Quite soon, the world's information infrastructure is going to reach a
level of scale and complexity that will force scientists and engineers
to approach it in an entirely new way. The familiar notions of command
and control are being thwarted by realities of a faster, denser world of
communication where choice, variety, and indeterminism rule. The myth of
the machine that does exactly what we tell it has come to an end.
What makes us think we can rely on all this technology? What keeps it
together today, and how might it work tomorrow? Will we know how to
build the next generation--or will we be lulled into a stupor of
dependence brought about by its conveniences?
In this book, Mark Burgess focuses on the impact of computers and
information on our modern infrastructure by taking you from the roots of
science to the principles behind system operation and design. To shape
the future of technology, we need to understand how it works--or else
what we don't understand will end up shaping us.

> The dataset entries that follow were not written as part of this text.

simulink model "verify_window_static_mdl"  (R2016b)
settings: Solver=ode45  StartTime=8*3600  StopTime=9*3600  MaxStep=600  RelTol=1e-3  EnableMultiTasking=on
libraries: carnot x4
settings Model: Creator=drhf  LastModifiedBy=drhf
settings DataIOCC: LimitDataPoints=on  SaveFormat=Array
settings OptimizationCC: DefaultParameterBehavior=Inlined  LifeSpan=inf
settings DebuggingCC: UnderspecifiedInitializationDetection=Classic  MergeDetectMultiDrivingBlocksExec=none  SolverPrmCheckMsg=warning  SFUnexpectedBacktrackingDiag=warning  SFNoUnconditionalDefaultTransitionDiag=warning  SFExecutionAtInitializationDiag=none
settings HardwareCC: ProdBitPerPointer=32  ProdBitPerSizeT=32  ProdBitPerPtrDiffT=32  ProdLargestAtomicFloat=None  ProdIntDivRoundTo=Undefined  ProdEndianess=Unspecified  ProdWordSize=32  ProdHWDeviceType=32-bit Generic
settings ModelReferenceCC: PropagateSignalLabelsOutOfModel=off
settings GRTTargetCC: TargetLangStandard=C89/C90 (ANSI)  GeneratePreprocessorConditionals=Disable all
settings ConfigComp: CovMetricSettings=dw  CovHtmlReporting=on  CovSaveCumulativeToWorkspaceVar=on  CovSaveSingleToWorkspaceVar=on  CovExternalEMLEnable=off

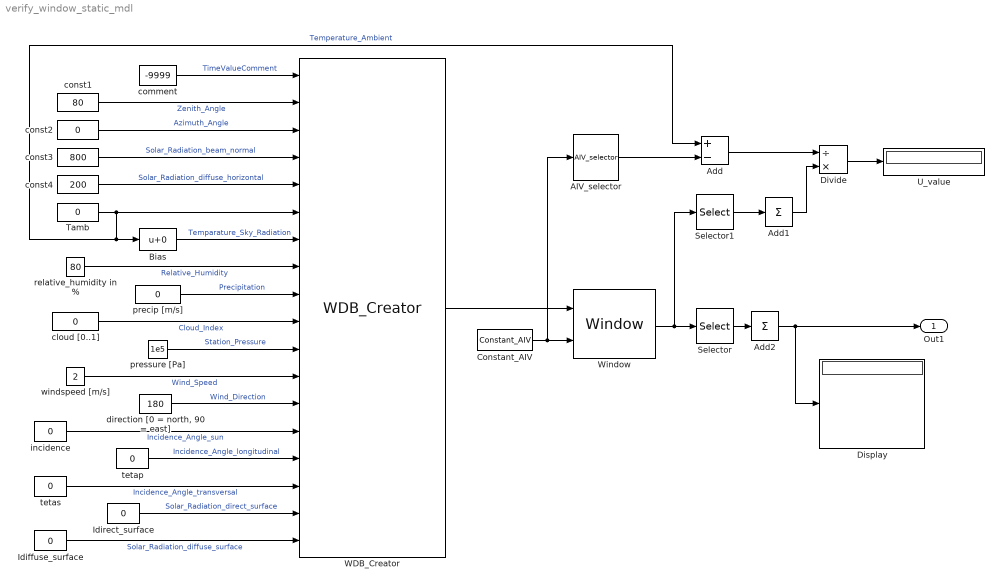
== system verify_window_static_mdl ==
  AIV_selector : carnot/Outputs/AIV_selector  e1=on  e2=off  e3=off  e4=off  e5=off  e6=off  e7=off  e8=off  e9=off
  Add : Sum  Inputs=+-
  Add1 : Sum  Inputs=1
  Add2 : Sum  Inputs=1
  Bias : Bias
  Constant_AIV : carnot/Source/Ventilation/Constant_AIV  Tsens=20  Tcon=20  Trad=20  mw=0.012  mco=0.01  rhoair=1.2  cpair=1004  pair=100000  nair=0.5
  Display : Display
  Divide : Product  Inputs=/*
  Idiffuse_surface : Constant  Value=0
  Idirect_surface : Constant  Value=0
  Selector : Selector  InputPortWidth=13  IndexOptions=Index vector (dialog)  Indices=[7 8]  OutputSizes=1
  Selector1 : Selector  InputPortWidth=13  IndexOptions=Index vector (dialog)  Indices=[7 8]  OutputSizes=1
  Tamb : Constant  Value=0
  U_value : Display
  WDB_Creator : carnot/Basic/Weather_and_Sun/WDB_Creator
  Window : carnot/Load/Houses/wall_floor/Window  windowsize=[1 1]  frame=0  pos=0  t0=20  d=[0.01 0.01]  cond=[0.5 0.5]  cwall=[.28 .28]*3600  rho=[2500 2500]  misc=[0.2 0.1 1 1]  gvalue=0.6  tau=100  dactive=[0.005 0.015]
  cloud [0..1] : Constant  Value=0
  comment : Constant  Value=-9999
  const1 : Constant  Value=80
  const2 : Constant  Value=0
  const3 : Constant  Value=800
  const4 : Constant  Value=200
  "direction [0 = north, 90 = east]" : Constant  Value=180
  incidence : Constant  Value=0
  precip [m/s] : Constant  Value=0
  pressure [Pa] : Constant  Value=1e5
  relative_humidity in % : Constant  Value=80
  tetap : Constant  Value=0
  tetas : Constant  Value=0
  windspeed [m/s] : Constant  Value=2
  Out1 : Outport
  wires:
  WDB_Creator/1 -> Window/1
  Constant_AIV/1 -> AIV_selector/1, Window/2
  Idiffuse_surface/1 -> WDB_Creator/18  "Solar_Radiation_diffuse_surface"
  Idirect_surface/1 -> WDB_Creator/17  "Solar_Radiation_direct_surface"
  tetas/1 -> WDB_Creator/16  "Incidence_Angle_transversal"
  tetap/1 -> WDB_Creator/15  "Incidence_Angle_longitudinal"
  incidence/1 -> WDB_Creator/14  "Incidence_Angle_sun"
  "direction [0 = north, 90 = east]"/1 -> WDB_Creator/13  "Wind_Direction"
  windspeed [m/s]/1 -> WDB_Creator/12  "Wind_Speed"
  pressure [Pa]/1 -> WDB_Creator/11  "Station_Pressure"
  cloud [0..1]/1 -> WDB_Creator/10  "Cloud_Index"
  precip [m/s]/1 -> WDB_Creator/9  "Precipitation"
  relative_humidity in %/1 -> WDB_Creator/8  "Relative_Humidity"
  Bias/1 -> WDB_Creator/7  "Temparature_Sky_Radiation"
  Tamb/1 -> Add/1, Bias/1, WDB_Creator/6  "Temperature_Ambient"
  const4/1 -> WDB_Creator/5  "Solar_Radiation_diffuse_horizontal"
  const2/1 -> WDB_Creator/3  "Azimuth_Angle"
  const1/1 -> WDB_Creator/2  "Zenith_Angle"
  comment/1 -> WDB_Creator/1  "TimeValueComment"
  const3/1 -> WDB_Creator/4  "Solar_Radiation_beam_normal"
  Window/1 -> Selector1/1, Selector/1
  Selector/1 -> Add2/1
  AIV_selector/1 -> Add/2
  Add/1 -> Divide/1
  Selector1/1 -> Add1/1
  Add1/1 -> Divide/2
  Divide/1 -> U_value/1
  Add2/1 -> Out1/1, Display/1
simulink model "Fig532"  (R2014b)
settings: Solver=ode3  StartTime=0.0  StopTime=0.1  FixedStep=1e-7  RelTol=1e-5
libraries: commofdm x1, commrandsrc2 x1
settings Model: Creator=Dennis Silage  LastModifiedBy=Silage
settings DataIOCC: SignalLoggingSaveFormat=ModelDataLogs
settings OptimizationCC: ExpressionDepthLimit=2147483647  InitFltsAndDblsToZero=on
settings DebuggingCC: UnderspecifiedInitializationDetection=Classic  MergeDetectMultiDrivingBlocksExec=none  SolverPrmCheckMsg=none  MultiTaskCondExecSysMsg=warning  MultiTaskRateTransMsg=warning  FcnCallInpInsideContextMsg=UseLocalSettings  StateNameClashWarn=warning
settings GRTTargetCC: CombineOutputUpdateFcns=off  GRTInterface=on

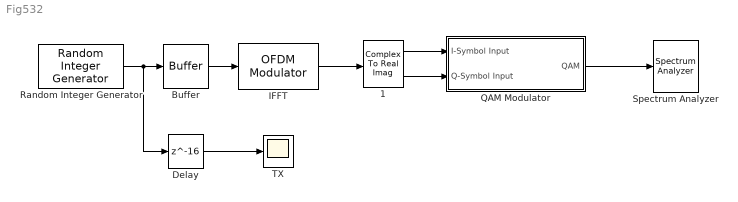
== system Fig532 ==
  "   IFFT " : commofdm/OFDM Modulator  SimulateUsing=Interpreted execution  FFTLength=8  NumGuardBandCarriers=[0 ; 0]  InsertDCNull=off  PilotInputPort=off  PilotCarrierIndices=[12; 26; 40; 54]  CyclicPrefixLength=0  Windowing=off  WindowLength=1  NumSymbols=1  NumTransmitAntennas=1
  "  1" : ComplexToRealImag  SampleTime=1e-3
  Buffer : Buffer  N=8  TreatMby1Signals=One channel
  Delay : Delay  DelayLength=16  InitialCondition=0
  QAM Modulator : Subsystem
  Random Integer Generator : commrandsrc2/Random Integer Generator  mul=2  seed=randseed  Ts=1e-3  frameBased=off  sampPerFrame=50  orient=on  outDataType=double
  Spectrum Analyzer : SpectrumAnalyzer
  TX : Scope
      settings: YMin=-8  YMax=8  SaveName=ScopeData2
  wires:
  Random Integer Generator/1 -> Delay/1, Buffer/1
  Buffer/1 -> "   IFFT "/1
  Delay/1 -> TX/1
  "  1"/1 -> QAM Modulator/1(I-Symbol Input)
  "  1"/2 -> QAM Modulator/2(Q-Symbol Input)
  "   IFFT "/1 -> "  1"/1
  QAM Modulator/1(QAM) -> Spectrum Analyzer/1

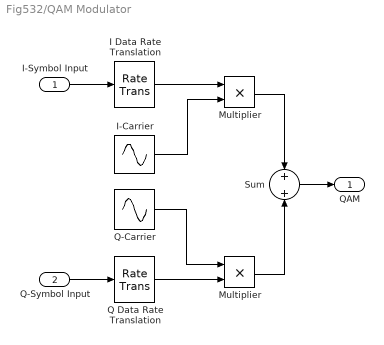
== system Fig532/QAM Modulator ==
  I-Symbol Input : Inport
  Q-Symbol Input : Inport  Port=2
  " Multiplier " : Product  RndMeth=Zero
  I Data Rate Translation : RateTransition  OutPortSampleTime=2e-6
  I-Carrier : Sin  Amplitude=5  Frequency=40000*pi  Phase=pi/2  SampleTime=2e-6  VectorParams1D=off
  Multiplier : Product  RndMeth=Zero
  Q Data Rate Translation : RateTransition  OutPortSampleTime=2e-6
  Q-Carrier : Sin  Amplitude=5  Frequency=40000*pi  SampleTime=2e-6  VectorParams1D=off
  Sum : Sum
  QAM : Outport
  wires:
  I Data Rate Translation/1 -> Multiplier/1
  Q Data Rate Translation/1 -> " Multiplier "/2
  I-Carrier/1 -> Multiplier/2
  Q-Carrier/1 -> " Multiplier "/1
  Multiplier/1 -> Sum/1
  " Multiplier "/1 -> Sum/2
  Sum/1 -> QAM/1
  I-Symbol Input/1 -> I Data Rate Translation/1
  Q-Symbol Input/1 -> Q Data Rate Translation/1
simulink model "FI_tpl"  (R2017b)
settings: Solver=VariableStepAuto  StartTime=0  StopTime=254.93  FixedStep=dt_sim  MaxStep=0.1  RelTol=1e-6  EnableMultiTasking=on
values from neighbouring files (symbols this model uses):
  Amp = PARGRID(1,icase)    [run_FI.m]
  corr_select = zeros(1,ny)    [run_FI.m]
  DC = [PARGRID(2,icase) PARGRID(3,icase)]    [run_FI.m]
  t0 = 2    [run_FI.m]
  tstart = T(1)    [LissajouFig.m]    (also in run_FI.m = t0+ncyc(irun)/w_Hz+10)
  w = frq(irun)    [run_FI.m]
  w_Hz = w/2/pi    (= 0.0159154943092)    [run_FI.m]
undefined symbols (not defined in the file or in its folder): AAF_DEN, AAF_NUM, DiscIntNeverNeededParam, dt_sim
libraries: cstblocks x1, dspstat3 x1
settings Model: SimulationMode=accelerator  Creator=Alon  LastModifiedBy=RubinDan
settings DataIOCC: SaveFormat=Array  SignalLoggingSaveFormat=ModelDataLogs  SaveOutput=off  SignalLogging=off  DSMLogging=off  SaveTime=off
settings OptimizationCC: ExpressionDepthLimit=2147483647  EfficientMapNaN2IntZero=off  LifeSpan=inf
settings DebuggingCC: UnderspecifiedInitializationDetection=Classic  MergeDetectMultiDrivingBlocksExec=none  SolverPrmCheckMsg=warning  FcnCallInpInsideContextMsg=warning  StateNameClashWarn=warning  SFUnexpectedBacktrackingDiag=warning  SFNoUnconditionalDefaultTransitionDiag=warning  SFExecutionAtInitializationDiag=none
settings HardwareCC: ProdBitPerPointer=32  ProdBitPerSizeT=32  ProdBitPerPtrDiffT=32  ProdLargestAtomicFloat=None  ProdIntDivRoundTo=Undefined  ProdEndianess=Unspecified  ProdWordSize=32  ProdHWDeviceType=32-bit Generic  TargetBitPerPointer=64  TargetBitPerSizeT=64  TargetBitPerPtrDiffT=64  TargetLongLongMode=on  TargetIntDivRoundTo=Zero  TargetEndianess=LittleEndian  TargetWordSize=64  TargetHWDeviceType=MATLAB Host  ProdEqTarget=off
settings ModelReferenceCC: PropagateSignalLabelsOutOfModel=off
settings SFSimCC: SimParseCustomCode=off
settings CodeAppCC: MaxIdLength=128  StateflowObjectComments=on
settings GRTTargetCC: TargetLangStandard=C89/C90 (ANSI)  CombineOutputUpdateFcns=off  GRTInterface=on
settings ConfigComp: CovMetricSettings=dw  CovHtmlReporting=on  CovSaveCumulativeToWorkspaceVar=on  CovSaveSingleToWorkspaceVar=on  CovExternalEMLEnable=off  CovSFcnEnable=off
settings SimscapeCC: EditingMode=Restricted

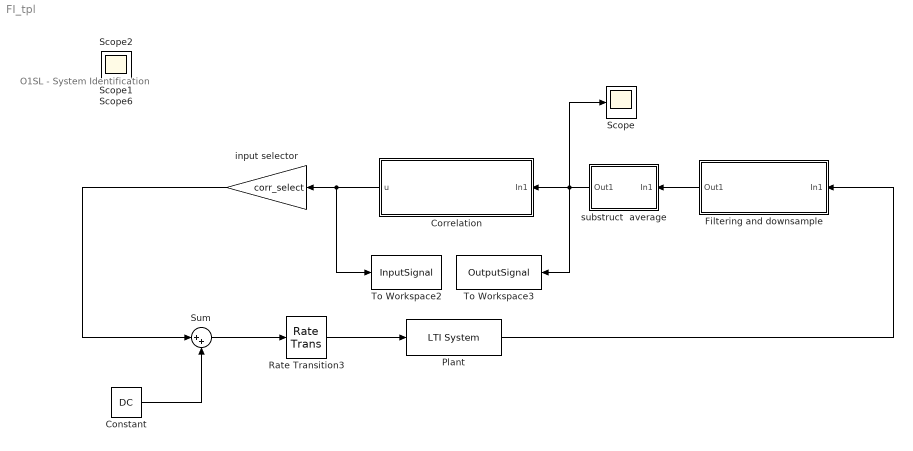
== system FI_tpl ==
  note: O1SL - System Identification
  Constant : Constant  Value=DC  SampleTime=dt_sim
  Correlation : Subsystem
  Filtering and downsample : Subsystem
  Plant : cstblocks/LTI System  sys=P  IC=[]
  Rate Transition3 : RateTransition  OutPortSampleTime=0
  Scope{,1..2,6} (4 alike) : Scope
  Sum : Sum  Inputs=|++
  To Workspace2 : ToWorkspace  VariableName=InputSignal  SaveFormat=Structure With Time  SampleTime=-1
      settings: MaxDataPoints=Np
  To Workspace3 : ToWorkspace  VariableName=OutputSignal  SaveFormat=Structure With Time  SampleTime=-1
      settings: MaxDataPoints=Np
  input selector : Gain  Gain=corr_select
  substruct  average : Subsystem  mask{T_start=tstart, T_sample=dt_sim}
      mask prompts: T_start "Start Time"; T_sample "Smaple Time"
  wires:
  Plant/1 -> Filtering and downsample/1(In1)
  Filtering and downsample/1(Out1) -> substruct  average/1(In1)
  Sum/1 -> Rate Transition3/1
  Constant/1 -> Sum/2
  input selector/1 -> Sum/1
  Rate Transition3/1 -> Plant/1
  substruct  average/1(Out1) -> Scope/1, To Workspace3/1, Correlation/1(In1)
  Correlation/1(u) -> To Workspace2/1, input selector/1

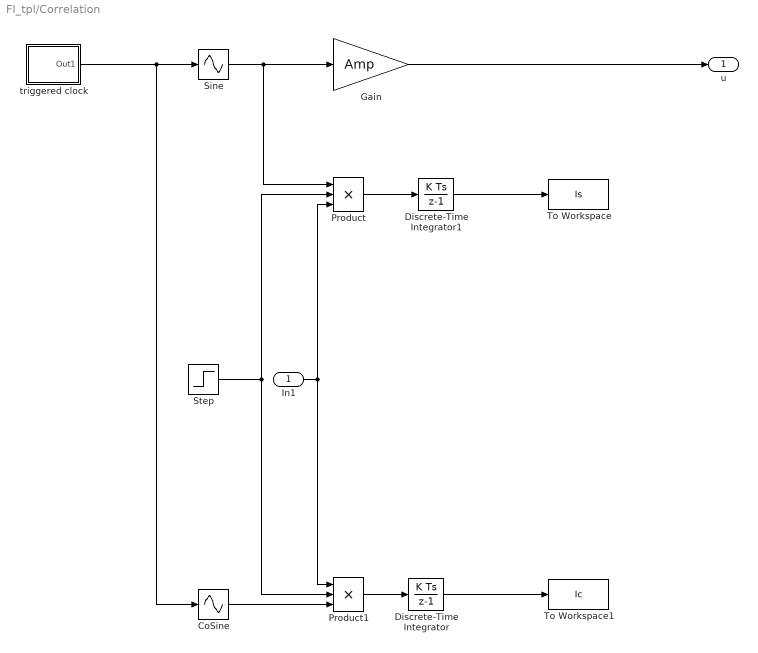
== system FI_tpl/Correlation ==
  In1 : Inport
  CoSine : Sin  TimeSource=Use external signal  Frequency=w  Phase=pi/2  SampleTime=0.001
  Discrete-Time Integrator : DiscreteIntegrator  SampleTime=dt_sim  ICPrevOutput=DiscIntNeverNeededParam  ICPrevScaledInput=DiscIntNeverNeededParam
  Discrete-Time Integrator1 : DiscreteIntegrator  SampleTime=dt_sim  ICPrevOutput=DiscIntNeverNeededParam  ICPrevScaledInput=DiscIntNeverNeededParam
  Gain : Gain  Gain=Amp
  Product : Product  Inputs=3  RndMeth=Zero
  Product1 : Product  Inputs=3  RndMeth=Zero
  Sine : Sin  TimeSource=Use external signal  Frequency=w  SampleTime=0.001
  Step : Step  Time=tstart  SampleTime=dt_sim
  To Workspace : ToWorkspace  VariableName=Is  SaveFormat=Structure  SampleTime=-1
  To Workspace1 : ToWorkspace  VariableName=Ic  SaveFormat=Structure  SampleTime=-1
  triggered clock : Subsystem  mask{T_start=t0, T_sample=dt_sim}
      mask prompts: T_start "Start Time"; T_sample "Smaple Time"
  u : Outport
  wires:
  Sine/1 -> Product/1, Gain/1
  triggered clock/1(Out1) -> CoSine/1, Sine/1
  Product/1 -> Discrete-Time Integrator1/1
  Product1/1 -> Discrete-Time Integrator/1
  Discrete-Time Integrator1/1 -> To Workspace/1
  Discrete-Time Integrator/1 -> To Workspace1/1
  Gain/1 -> u/1
  In1/1 -> Product1/1, Product/3
  Step/1 -> Product1/2, Product/2
  CoSine/1 -> Product1/3

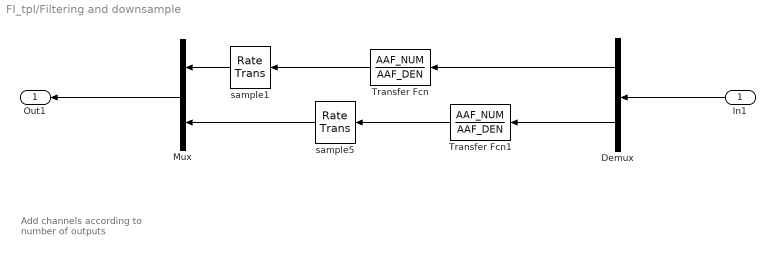
== system FI_tpl/Filtering and downsample ==
  note: Add channels according to number of outputs
  In1 : Inport
  Demux : Demux  Outputs=2
  Mux : Mux  Inputs=2
  Transfer Fcn : TransferFcn  Numerator=AAF_NUM  Denominator=AAF_DEN
  Transfer Fcn1 : TransferFcn  Numerator=AAF_NUM  Denominator=AAF_DEN
  sample1 : RateTransition  OutPortSampleTime=dt_sim
  sample5 : RateTransition  OutPortSampleTime=dt_sim
  Out1 : Outport
  wires:
  Demux/2 -> Transfer Fcn1/1
  Demux/1 -> Transfer Fcn/1
  Mux/1 -> Out1/1
  Transfer Fcn/1 -> sample1/1
  Transfer Fcn1/1 -> sample5/1
  sample5/1 -> Mux/2
  sample1/1 -> Mux/1
  In1/1 -> Demux/1

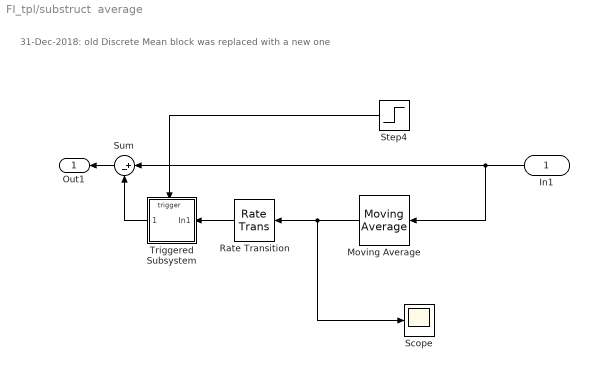
== system FI_tpl/substruct  average ==
  note: 31-Dec-2018: old Discrete Mean block was replaced with a new one
  In1 : Inport
  Moving Average : dspstat3/Moving Average  Method=Sliding window  SpecifyWindowLength=on  WindowLength=2*ceil(1/w_Hz/dt_sim)  ForgettingFactor=0.9  SimulateUsing=Code generation
  Rate Transition : RateTransition
  Scope : Scope
  Step4 : Step  Time=T_start  SampleTime=T_sample
  Sum : Sum  Inputs=|+-
  Triggered Subsystem : Subsystem  TreatAsAtomicUnit=on
  Out1 : Outport
  wires:
  Sum/1 -> Out1/1
  Triggered Subsystem/1(Out1) -> Sum/2
  Step4/1 -> Triggered Subsystem/Trigger
  In1/1 -> Moving Average/1, Sum/1
  Moving Average/1 -> Scope/1, Rate Transition/1
  Rate Transition/1 -> Triggered Subsystem/1(In1)

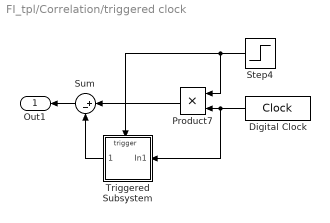
== system FI_tpl/Correlation/triggered clock ==
  Digital Clock : DigitalClock  SampleTime=T_sample
  Product7 : Product  RndMeth=Zero
  Step4 : Step  Time=T_start  SampleTime=T_sample
  Sum : Sum  Inputs=|+-
  Triggered Subsystem : Subsystem  TreatAsAtomicUnit=on
  Out1 : Outport
  wires:
  Step4/1 -> Triggered Subsystem/Trigger, Product7/1
  Digital Clock/1 -> Product7/2, Triggered Subsystem/1(In1)
  Product7/1 -> Sum/1
  Triggered Subsystem/1(Out1) -> Sum/2
  Sum/1 -> Out1/1

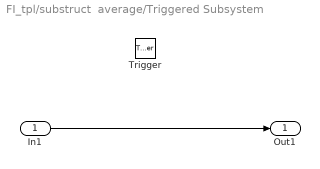
== system FI_tpl/substruct  average/Triggered Subsystem ==
  In1 : Inport
  Trigger : TriggerPort  VariantControl=Variant
  Out1 : Outport
  wires:
  In1/1 -> Out1/1

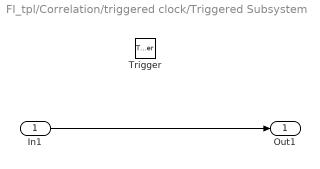
== system FI_tpl/Correlation/triggered clock/Triggered Subsystem ==
  In1 : Inport
  Trigger : TriggerPort  VariantControl=Variant
  Out1 : Outport
  wires:
  In1/1 -> Out1/1

This book explores this subject in three parts:
- Part I, Stability: describes the fundamentals of predictability,
and why we have to give up the idea of control in its classical
meaning
- Part II, Certainty: describes the science of what we can know,
when we don't control everything, and how we make the best of life
with only imperfect information
- Part III, Promises: explains how the concepts of stability and
certainty may be combined to approach information infrastructure as a
new kind of virtual material, restoring a continuity to human-computer
systems so that society can rely on them.